RRI.CO.ID, Pontianak – Kesyirikan disebut sebagai dosa terbesar dalam ajaran Islam karena secara langsung merusak esensi tauhid dan menghapus seluruh amal ibadah seseorang. Peringatan ini disampaikan dalam kajian Hikmah Pagi Agama Islam, yang disiarkan melalui RRI Pro4 Pontianak, Senin 02 Februari 2026, yang membahas dosa besar pertama dalam Islam, yakni syirik.

Dalam siaran tersebut, Ustadz Muhammad Yusnaini, S.Sy. menjelaskan bahwa kesyirikan adalah perbuatan menyekutukan Allah dengan sesuatu apa pun, baik dalam keyakinan maupun dalam praktik ibadah. Perbuatan ini dinilai jauh lebih berat dibanding dosa-dosa lainnya karena menyentuh fondasi utama keimanan seorang muslim.

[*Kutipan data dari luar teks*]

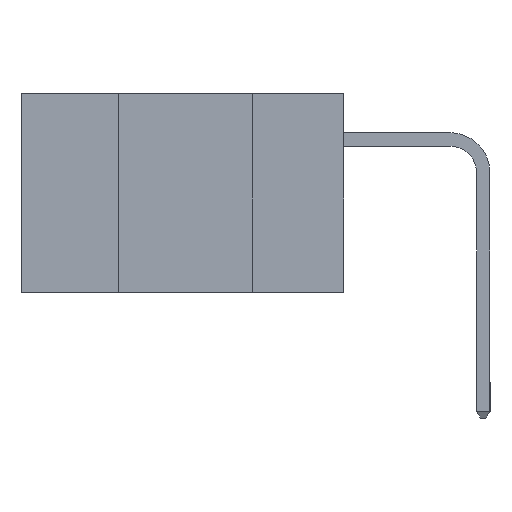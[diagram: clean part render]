
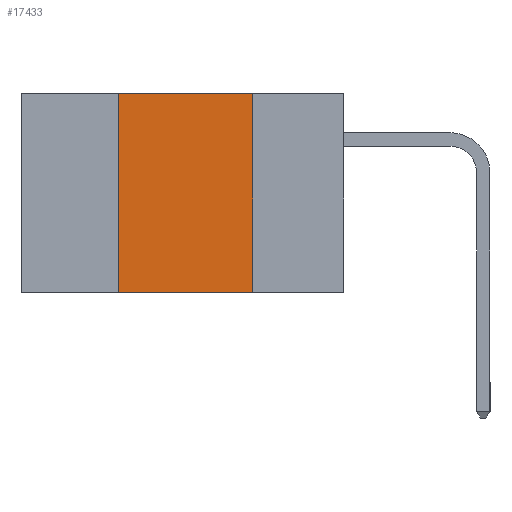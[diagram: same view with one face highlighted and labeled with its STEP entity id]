
A CAD part, left-side view. The second image highlights one B-rep face of the part: STEP entity #17433.
In plain terms, the highlighted planar face has unit normal (-1, 0, 0).
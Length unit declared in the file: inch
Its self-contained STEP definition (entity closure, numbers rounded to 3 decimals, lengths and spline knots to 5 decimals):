
#404 = DIRECTION ( 'NONE',  ( 0., -1., 0. ) ) ;
#518 = DIRECTION ( 'NONE',  ( 1., 0., 0. ) ) ;
#1114 = VECTOR ( 'NONE', #4299, 39.37008 ) ;
#1118 = EDGE_CURVE ( 'NONE', #13708, #14246, #14760, .T. ) ;
#1852 = VERTEX_POINT ( 'NONE', #10257 ) ;
#2001 = FACE_OUTER_BOUND ( 'NONE', #20241, .T. ) ;
#3552 = VECTOR ( 'NONE', #12343, 39.37008 ) ;
#4287 = EDGE_CURVE ( 'NONE', #6166, #1852, #16192, .T. ) ;
#4299 = DIRECTION ( 'NONE',  ( 0., -1., 0. ) ) ;
#4332 = CARTESIAN_POINT ( 'NONE',  ( 0., 0.42, 0. ) ) ;
#4366 = ORIENTED_EDGE ( 'NONE', *, *, #4287, .F. ) ;
#5296 = LINE ( 'NONE', #10690, #1114 ) ;
#5498 = EDGE_CURVE ( 'NONE', #14246, #6166, #17104, .T. ) ;
#6166 = VERTEX_POINT ( 'NONE', #7001 ) ;
#7001 = CARTESIAN_POINT ( 'NONE',  ( 0., 0.17, 0. ) ) ;
#7870 = ORIENTED_EDGE ( 'NONE', *, *, #1118, .F. ) ;
#8065 = ORIENTED_EDGE ( 'NONE', *, *, #5498, .F. ) ;
#8709 = VECTOR ( 'NONE', #404, 39.37008 ) ;
#9463 = ORIENTED_EDGE ( 'NONE', *, *, #19448, .T. ) ;
#9976 = PLANE ( 'NONE',  #12030 ) ;
#10257 = CARTESIAN_POINT ( 'NONE',  ( 0., 0.17, -0.37 ) ) ;
#10528 = VECTOR ( 'NONE', #14099, 39.37008 ) ;
#10690 = CARTESIAN_POINT ( 'NONE',  ( 0., 0.6, -0.37 ) ) ;
#11589 = DIRECTION ( 'NONE',  ( 0., 0., -1. ) ) ;
#12030 = AXIS2_PLACEMENT_3D ( 'NONE', #17803, #518, #11589 ) ;
#12343 = DIRECTION ( 'NONE',  ( 0., 0., -1. ) ) ;
#12582 = CARTESIAN_POINT ( 'NONE',  ( 0., 0.17, 0. ) ) ;
#13085 = CARTESIAN_POINT ( 'NONE',  ( 0., 0.6, 0. ) ) ;
#13708 = VERTEX_POINT ( 'NONE', #17598 ) ;
#14099 = DIRECTION ( 'NONE',  ( 0., 0., 1. ) ) ;
#14246 = VERTEX_POINT ( 'NONE', #15097 ) ;
#14760 = LINE ( 'NONE', #4332, #10528 ) ;
#15097 = CARTESIAN_POINT ( 'NONE',  ( 0., 0.42, 0. ) ) ;
#16192 = LINE ( 'NONE', #12582, #3552 ) ;
#17104 = LINE ( 'NONE', #13085, #8709 ) ;
#17433 = ADVANCED_FACE ( 'NONE', ( #2001 ), #9976, .F. ) ;
#17598 = CARTESIAN_POINT ( 'NONE',  ( 0., 0.42, -0.37 ) ) ;
#17803 = CARTESIAN_POINT ( 'NONE',  ( 0., 0.6, 0. ) ) ;
#19448 = EDGE_CURVE ( 'NONE', #13708, #1852, #5296, .T. ) ;
#20241 = EDGE_LOOP ( 'NONE', ( #4366, #8065, #7870, #9463 ) ) ;

“Kesyirikan merupakan dosa yang sangat besar sekali, melebihi dosa-dosa yang lainnya, karena ia menjadikan sesuatu selain Allah sebagai Tuhan,” tegas Ustadz Muhammad Yusnaini dalam siaran tersebut.

Ia juga mengingatkan bahwa Al-Qur’an secara tegas melarang perbuatan syirik, salah satunya melalui nasihat Luqmanul Hakim kepada anaknya agar tidak menyekutukan Allah, karena syirik merupakan kezaliman yang besar.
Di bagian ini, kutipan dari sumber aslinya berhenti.